A Metro Bus passes 24th Street on it's way along Wilshire Boulevard on Monday afternoon. (photo by Brandon Wise)

WILSHIRE BLVD — Proposed bus-only lanes along Wilshire Boulevard will move forward, but not in Santa Monica, if a Metropolitan Transportation Authority committee approves a staff recommendation next week.

Under the plan, parking spaces would be converted to bus-only lanes during rush hours along 9.9 miles of Wilshire Boulevard in an attempt to cut down on travel times. However, key sections of the major east-west artery will be cut out of the plan, including Beverly Hills, the “condo canyon” area in Westwood and Santa Monica.

Metro staff said the express and local routes along Wilshire are the most heavily used buses in Los Angeles County, with 80,000 boardings per weekday.

City officials expressed concerns about extending the plan into Santa Monica. Parking is scarce along Wilshire, where many small businesses rely on street parking to meet the needs of their customers. City officials wanted to preserve that parking as much as possible, said Beth Rolandson, City Hall’s principal transportation planner.

City Hall also studied traffic patterns and travel times and found that most buses make good time while traveling in Santa Monica, doing away with the need for dedicated bus lanes. It’s not until they hit Los Angeles that traffic starts to create delays.

“Congestion starts east of us, near the 405 [freeway],” Rolandson said.

Staff also was unclear as to how the bus-only lanes would impact a redesign of Wilshire that included medians. Rolandson said there was concern that the medians would have to be removed or trimmed.

Metro plans to eliminate curbside parking during rush hours, repave and widen curb lanes to better handle heavy buses, and modify traffic signals to favor buses. About $31.5 million has been set aside for the “bus rapid transit” project.

Metro staff has recommended that the MTA board reject a request from the Los Angeles City Council to limit the bus-only lanes to the 5.4 miles of Wilshire east of Beverly Hills. Metro staff said the benefits to Brentwood residents would be outweighed by delays imposed on bus patrons, and snarled Wilshire Boulevard traffic.

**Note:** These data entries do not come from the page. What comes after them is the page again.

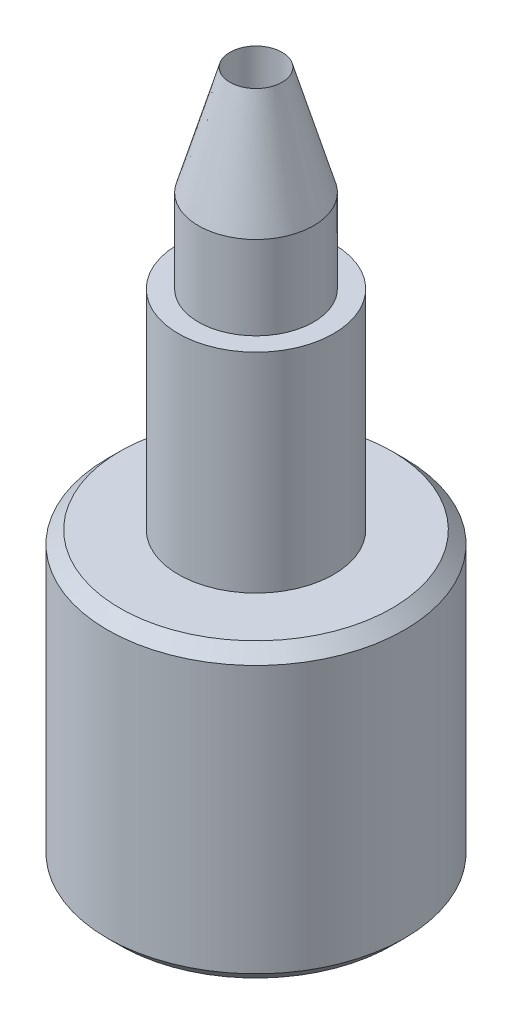
ISO-10303-21;
HEADER;
FILE_DESCRIPTION(('STEP AP214'),'2;1');
FILE_NAME('part.step','',(''),(''),'','','');
FILE_SCHEMA(('AUTOMOTIVE_DESIGN { 1 0 10303 214 1 1 1 1 }'));
ENDSEC;
DATA;
#1=APPLICATION_CONTEXT('core data for automotive mechanical design processes');
#2=APPLICATION_PROTOCOL_DEFINITION('international standard','automotive_design',2000,#1);
#3=PRODUCT_CONTEXT('',#1,'mechanical');
#4=PRODUCT('Part','Part','',(#3));
#5=PRODUCT_RELATED_PRODUCT_CATEGORY('part','',(#4));
#6=PRODUCT_DEFINITION_FORMATION('','',#4);
#7=PRODUCT_DEFINITION_CONTEXT('part definition',#1,'design');
#8=PRODUCT_DEFINITION('design','',#6,#7);
#9=PRODUCT_DEFINITION_SHAPE('','',#8);
#10=(LENGTH_UNIT() NAMED_UNIT(*) SI_UNIT(.MILLI.,.METRE.));
#11=(NAMED_UNIT(*) PLANE_ANGLE_UNIT() SI_UNIT($,.RADIAN.));
#12=(NAMED_UNIT(*) SI_UNIT($,.STERADIAN.) SOLID_ANGLE_UNIT());
#13=UNCERTAINTY_MEASURE_WITH_UNIT(LENGTH_MEASURE(1.E-05),#10,'distance_accuracy_value','');
#14=(GEOMETRIC_REPRESENTATION_CONTEXT(3) GLOBAL_UNCERTAINTY_ASSIGNED_CONTEXT((#13)) GLOBAL_UNIT_ASSIGNED_CONTEXT((#10,
#11,#12)) REPRESENTATION_CONTEXT('',''));
#15=CARTESIAN_POINT('',(0.,0.,0.));
#16=DIRECTION('',(0.,0.,1.));
#17=DIRECTION('',(1.,0.,0.));
#18=AXIS2_PLACEMENT_3D('',#15,#16,#17);
#19=CARTESIAN_POINT('',(0.,17.78,0.));
#20=DIRECTION('',(0.,-1.,0.));
#21=DIRECTION('',(0.,0.,-1.));
#22=AXIS2_PLACEMENT_3D('',#19,#20,#21);
#23=CONICAL_SURFACE('',#22,1.7526,0.282612163980481);
#24=CARTESIAN_POINT('',(0.,21.082,0.));
#25=DIRECTION('',(0.,1.,0.));
#26=DIRECTION('',(0.,0.,1.));
#27=AXIS2_PLACEMENT_3D('',#24,#25,#26);
#28=CIRCLE('',#27,0.79375);
#29=CARTESIAN_POINT('',(0.,21.082,0.79375));
#30=VERTEX_POINT('',#29);
#31=EDGE_CURVE('E70',#30,#30,#28,.T.);
#32=ORIENTED_EDGE('',*,*,#31,.F.);
#33=EDGE_LOOP('',(#32));
#34=FACE_BOUND('',#33,.T.);
#35=CARTESIAN_POINT('',(0.,17.78,0.));
#36=DIRECTION('',(0.,-1.,0.));
#37=DIRECTION('',(0.,0.,-1.));
#38=AXIS2_PLACEMENT_3D('',#35,#36,#37);
#39=CIRCLE('',#38,1.7526);
#40=CARTESIAN_POINT('',(0.,17.78,-1.7526));
#41=VERTEX_POINT('',#40);
#42=EDGE_CURVE('E52',#41,#41,#39,.T.);
#43=ORIENTED_EDGE('',*,*,#42,.F.);
#44=EDGE_LOOP('',(#43));
#45=FACE_BOUND('',#44,.T.);
#46=ADVANCED_FACE('F32',(#34,#45),#23,.T.);
#47=CARTESIAN_POINT('',(0.,0.,0.));
#48=DIRECTION('',(0.,-1.,0.));
#49=DIRECTION('',(0.,0.,-1.));
#50=AXIS2_PLACEMENT_3D('',#47,#48,#49);
#51=CYLINDRICAL_SURFACE('',#50,1.7526);
#52=ORIENTED_EDGE('',*,*,#42,.T.);
#53=EDGE_LOOP('',(#52));
#54=FACE_BOUND('',#53,.T.);
#55=CARTESIAN_POINT('',(0.,15.24,0.));
#56=DIRECTION('',(0.,-1.,0.));
#57=DIRECTION('',(0.,0.,-1.));
#58=AXIS2_PLACEMENT_3D('',#55,#56,#57);
#59=CIRCLE('',#58,1.7526);
#60=CARTESIAN_POINT('',(0.,15.24,-1.7526));
#61=VERTEX_POINT('',#60);
#62=EDGE_CURVE('E55',#61,#61,#59,.T.);
#63=ORIENTED_EDGE('',*,*,#62,.F.);
#64=EDGE_LOOP('',(#63));
#65=FACE_BOUND('',#64,.T.);
#66=ADVANCED_FACE('F108',(#54,#65),#51,.T.);
#67=CARTESIAN_POINT('',(1.7526,15.24,0.));
#68=DIRECTION('',(0.,1.,0.));
#69=DIRECTION('',(0.,0.,1.));
#70=AXIS2_PLACEMENT_3D('',#67,#68,#69);
#71=PLANE('',#70);
#72=ORIENTED_EDGE('',*,*,#62,.T.);
#73=EDGE_LOOP('',(#72));
#74=FACE_BOUND('',#73,.T.);
#75=CARTESIAN_POINT('',(0.,15.24,0.));
#76=DIRECTION('',(0.,-1.,0.));
#77=DIRECTION('',(0.,0.,-1.));
#78=AXIS2_PLACEMENT_3D('',#75,#76,#77);
#79=CIRCLE('',#78,2.3622);
#80=CARTESIAN_POINT('',(0.,15.24,-2.3622));
#81=VERTEX_POINT('',#80);
#82=EDGE_CURVE('E58',#81,#81,#79,.T.);
#83=ORIENTED_EDGE('',*,*,#82,.F.);
#84=EDGE_LOOP('',(#83));
#85=FACE_BOUND('',#84,.T.);
#86=ADVANCED_FACE('F113',(#74,#85),#71,.T.);
#87=CARTESIAN_POINT('',(0.,0.,0.));
#88=DIRECTION('',(0.,-1.,0.));
#89=DIRECTION('',(0.,0.,-1.));
#90=AXIS2_PLACEMENT_3D('',#87,#88,#89);
#91=CYLINDRICAL_SURFACE('',#90,2.3622);
#92=ORIENTED_EDGE('',*,*,#82,.T.);
#93=EDGE_LOOP('',(#92));
#94=FACE_BOUND('',#93,.T.);
#95=CARTESIAN_POINT('',(0.,8.89,0.));
#96=DIRECTION('',(0.,-1.,0.));
#97=DIRECTION('',(0.,0.,-1.));
#98=AXIS2_PLACEMENT_3D('',#95,#96,#97);
#99=CIRCLE('',#98,2.3622);
#100=CARTESIAN_POINT('',(0.,8.89,-2.3622));
#101=VERTEX_POINT('',#100);
#102=EDGE_CURVE('E61',#101,#101,#99,.T.);
#103=ORIENTED_EDGE('',*,*,#102,.F.);
#104=EDGE_LOOP('',(#103));
#105=FACE_BOUND('',#104,.T.);
#106=ADVANCED_FACE('F120',(#94,#105),#91,.T.);
#107=CARTESIAN_POINT('',(2.3622,8.89,0.));
#108=DIRECTION('',(0.,1.,0.));
#109=DIRECTION('',(0.,0.,1.));
#110=AXIS2_PLACEMENT_3D('',#107,#108,#109);
#111=PLANE('',#110);
#112=CARTESIAN_POINT('',(0.,8.89,0.));
#113=DIRECTION('',(0.,1.,0.));
#114=DIRECTION('',(0.,0.,1.));
#115=AXIS2_PLACEMENT_3D('',#112,#113,#114);
#116=CIRCLE('',#115,4.14019999999999);
#117=CARTESIAN_POINT('',(0.,8.89,-4.14019999999999));
#118=VERTEX_POINT('',#117);
#119=EDGE_CURVE('E10',#118,#118,#116,.T.);
#120=ORIENTED_EDGE('',*,*,#119,.T.);
#121=EDGE_LOOP('',(#120));
#122=FACE_BOUND('',#121,.T.);
#123=ORIENTED_EDGE('',*,*,#102,.T.);
#124=EDGE_LOOP('',(#123));
#125=FACE_BOUND('',#124,.T.);
#126=ADVANCED_FACE('F124',(#122,#125),#111,.T.);
#127=CARTESIAN_POINT('',(0.,0.,0.));
#128=DIRECTION('',(0.,-1.,0.));
#129=DIRECTION('',(0.,0.,-1.));
#130=AXIS2_PLACEMENT_3D('',#127,#128,#129);
#131=CYLINDRICAL_SURFACE('',#130,4.5212);
#132=CARTESIAN_POINT('',(0.,0.380999999999987,0.));
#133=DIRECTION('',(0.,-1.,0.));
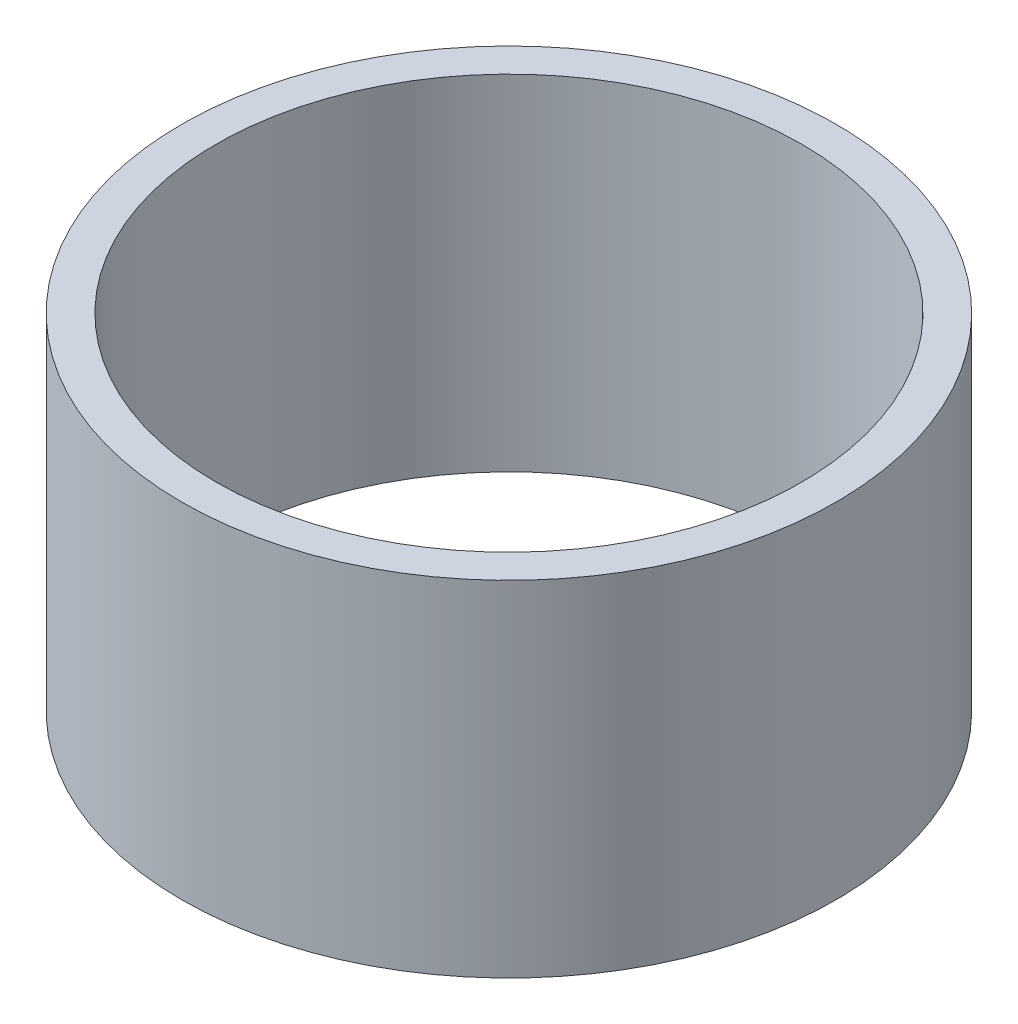
ISO-10303-21;
HEADER;
FILE_DESCRIPTION(('STEP AP214'),'2;1');
FILE_NAME('part.step','',(''),(''),'','','');
FILE_SCHEMA(('AUTOMOTIVE_DESIGN { 1 0 10303 214 1 1 1 1 }'));
ENDSEC;
DATA;
#1=APPLICATION_CONTEXT('core data for automotive mechanical design processes');
#2=APPLICATION_PROTOCOL_DEFINITION('international standard','automotive_design',2000,#1);
#3=PRODUCT_CONTEXT('',#1,'mechanical');
#4=PRODUCT('Part','Part','',(#3));
#5=PRODUCT_RELATED_PRODUCT_CATEGORY('part','',(#4));
#6=PRODUCT_DEFINITION_FORMATION('','',#4);
#7=PRODUCT_DEFINITION_CONTEXT('part definition',#1,'design');
#8=PRODUCT_DEFINITION('design','',#6,#7);
#9=PRODUCT_DEFINITION_SHAPE('','',#8);
#10=(LENGTH_UNIT() NAMED_UNIT(*) SI_UNIT(.MILLI.,.METRE.));
#11=(NAMED_UNIT(*) PLANE_ANGLE_UNIT() SI_UNIT($,.RADIAN.));
#12=(NAMED_UNIT(*) SI_UNIT($,.STERADIAN.) SOLID_ANGLE_UNIT());
#13=UNCERTAINTY_MEASURE_WITH_UNIT(LENGTH_MEASURE(1.E-05),#10,'distance_accuracy_value','');
#14=(GEOMETRIC_REPRESENTATION_CONTEXT(3) GLOBAL_UNCERTAINTY_ASSIGNED_CONTEXT((#13)) GLOBAL_UNIT_ASSIGNED_CONTEXT((#10,
#11,#12)) REPRESENTATION_CONTEXT('',''));
#15=CARTESIAN_POINT('',(0.,0.,0.));
#16=DIRECTION('',(0.,0.,1.));
#17=DIRECTION('',(1.,0.,0.));
#18=AXIS2_PLACEMENT_3D('',#15,#16,#17);
#19=CARTESIAN_POINT('',(0.,50.8,0.));
#20=DIRECTION('',(0.,-1.,0.));
#21=DIRECTION('',(0.,0.,-1.));
#22=AXIS2_PLACEMENT_3D('',#19,#20,#21);
#23=CYLINDRICAL_SURFACE('',#22,48.26);
#24=CARTESIAN_POINT('',(0.,50.8,0.));
#25=DIRECTION('',(0.,1.,0.));
#26=DIRECTION('',(0.,0.,1.));
#27=AXIS2_PLACEMENT_3D('',#24,#25,#26);
#28=CIRCLE('',#27,48.26);
#29=CARTESIAN_POINT('',(0.,50.8,48.26));
#30=VERTEX_POINT('',#29);
#31=EDGE_CURVE('E10',#30,#30,#28,.T.);
#32=ORIENTED_EDGE('',*,*,#31,.F.);
#33=EDGE_LOOP('',(#32));
#34=FACE_BOUND('',#33,.T.);
#35=CARTESIAN_POINT('',(0.,0.,0.));
#36=DIRECTION('',(0.,1.,0.));
#37=DIRECTION('',(0.,0.,1.));
#38=AXIS2_PLACEMENT_3D('',#35,#36,#37);
#39=CIRCLE('',#38,48.26);
#40=CARTESIAN_POINT('',(0.,0.,48.26));
#41=VERTEX_POINT('',#40);
#42=EDGE_CURVE('E35',#41,#41,#39,.T.);
#43=ORIENTED_EDGE('',*,*,#42,.T.);
#44=EDGE_LOOP('',(#43));
#45=FACE_BOUND('',#44,.T.);
#46=ADVANCED_FACE('F32',(#34,#45),#23,.T.);
#47=CARTESIAN_POINT('',(0.,50.8,0.));
#48=DIRECTION('',(0.,1.,0.));
#49=DIRECTION('',(0.,0.,1.));
#50=AXIS2_PLACEMENT_3D('',#47,#48,#49);
#51=PLANE('',#50);
#52=CARTESIAN_POINT('',(0.,50.8,0.));
#53=DIRECTION('',(0.,1.,0.));
#54=DIRECTION('',(0.,0.,1.));
#55=AXIS2_PLACEMENT_3D('',#52,#53,#54);
#56=CIRCLE('',#55,43.18);
#57=CARTESIAN_POINT('',(0.,50.8,43.18));
#58=VERTEX_POINT('',#57);
#59=EDGE_CURVE('E44',#58,#58,#56,.T.);
#60=ORIENTED_EDGE('',*,*,#59,.F.);
#61=EDGE_LOOP('',(#60));
#62=FACE_BOUND('',#61,.T.);
#63=ORIENTED_EDGE('',*,*,#31,.T.);
#64=EDGE_LOOP('',(#63));
#65=FACE_BOUND('',#64,.T.);
#66=ADVANCED_FACE('F59',(#62,#65),#51,.T.);
#67=CARTESIAN_POINT('',(0.,0.,0.));
#68=DIRECTION('',(0.,1.,0.));
#69=DIRECTION('',(0.,0.,1.));
#70=AXIS2_PLACEMENT_3D('',#67,#68,#69);
#71=PLANE('',#70);
#72=CARTESIAN_POINT('',(0.,0.,0.));
#73=DIRECTION('',(0.,1.,0.));
#74=DIRECTION('',(0.,0.,1.));
#75=AXIS2_PLACEMENT_3D('',#72,#73,#74);
#76=CIRCLE('',#75,43.18);
#77=CARTESIAN_POINT('',(0.,0.,43.18));
#78=VERTEX_POINT('',#77);
#79=EDGE_CURVE('E42',#78,#78,#76,.T.);
#80=ORIENTED_EDGE('',*,*,#79,.T.);
#81=EDGE_LOOP('',(#80));
#82=FACE_BOUND('',#81,.T.);
#83=ORIENTED_EDGE('',*,*,#42,.F.);
#84=EDGE_LOOP('',(#83));
#85=FACE_BOUND('',#84,.T.);
#86=ADVANCED_FACE('F50',(#82,#85),#71,.F.);
#87=CARTESIAN_POINT('',(0.,0.,0.));
#88=DIRECTION('',(0.,1.,0.));
#89=DIRECTION('',(0.,0.,1.));
#90=AXIS2_PLACEMENT_3D('',#87,#88,#89);
#91=CYLINDRICAL_SURFACE('',#90,43.18);
#92=ORIENTED_EDGE('',*,*,#79,.F.);
#93=EDGE_LOOP('',(#92));
#94=FACE_BOUND('',#93,.T.);
#95=ORIENTED_EDGE('',*,*,#59,.T.);
#96=EDGE_LOOP('',(#95));
#97=FACE_BOUND('',#96,.T.);
#98=ADVANCED_FACE('F53',(#94,#97),#91,.F.);
#99=CLOSED_SHELL('',(#46,#66,#86,#98));
#100=MANIFOLD_SOLID_BREP('B2',#99);
#101=ADVANCED_BREP_SHAPE_REPRESENTATION('',(#18,#100),#14);
#102=SHAPE_DEFINITION_REPRESENTATION(#9,#101);
ENDSEC;
END-ISO-10303-21;

The proposed project will go before an MTA board committee next Wednesday, according to reports. If built, the bus lanes would parallel the Wilshire Boulevard subway, which will not open until at least 2022 under current construction plans.

Santa Monica has bus-only lanes in the Downtown Transit Mall, but has not expanded them to other areas of the city. There have been talks of creating a bus-only lane along Lincoln Boulevard to enhance service to Rapid and local line 3 but nothing has materialized.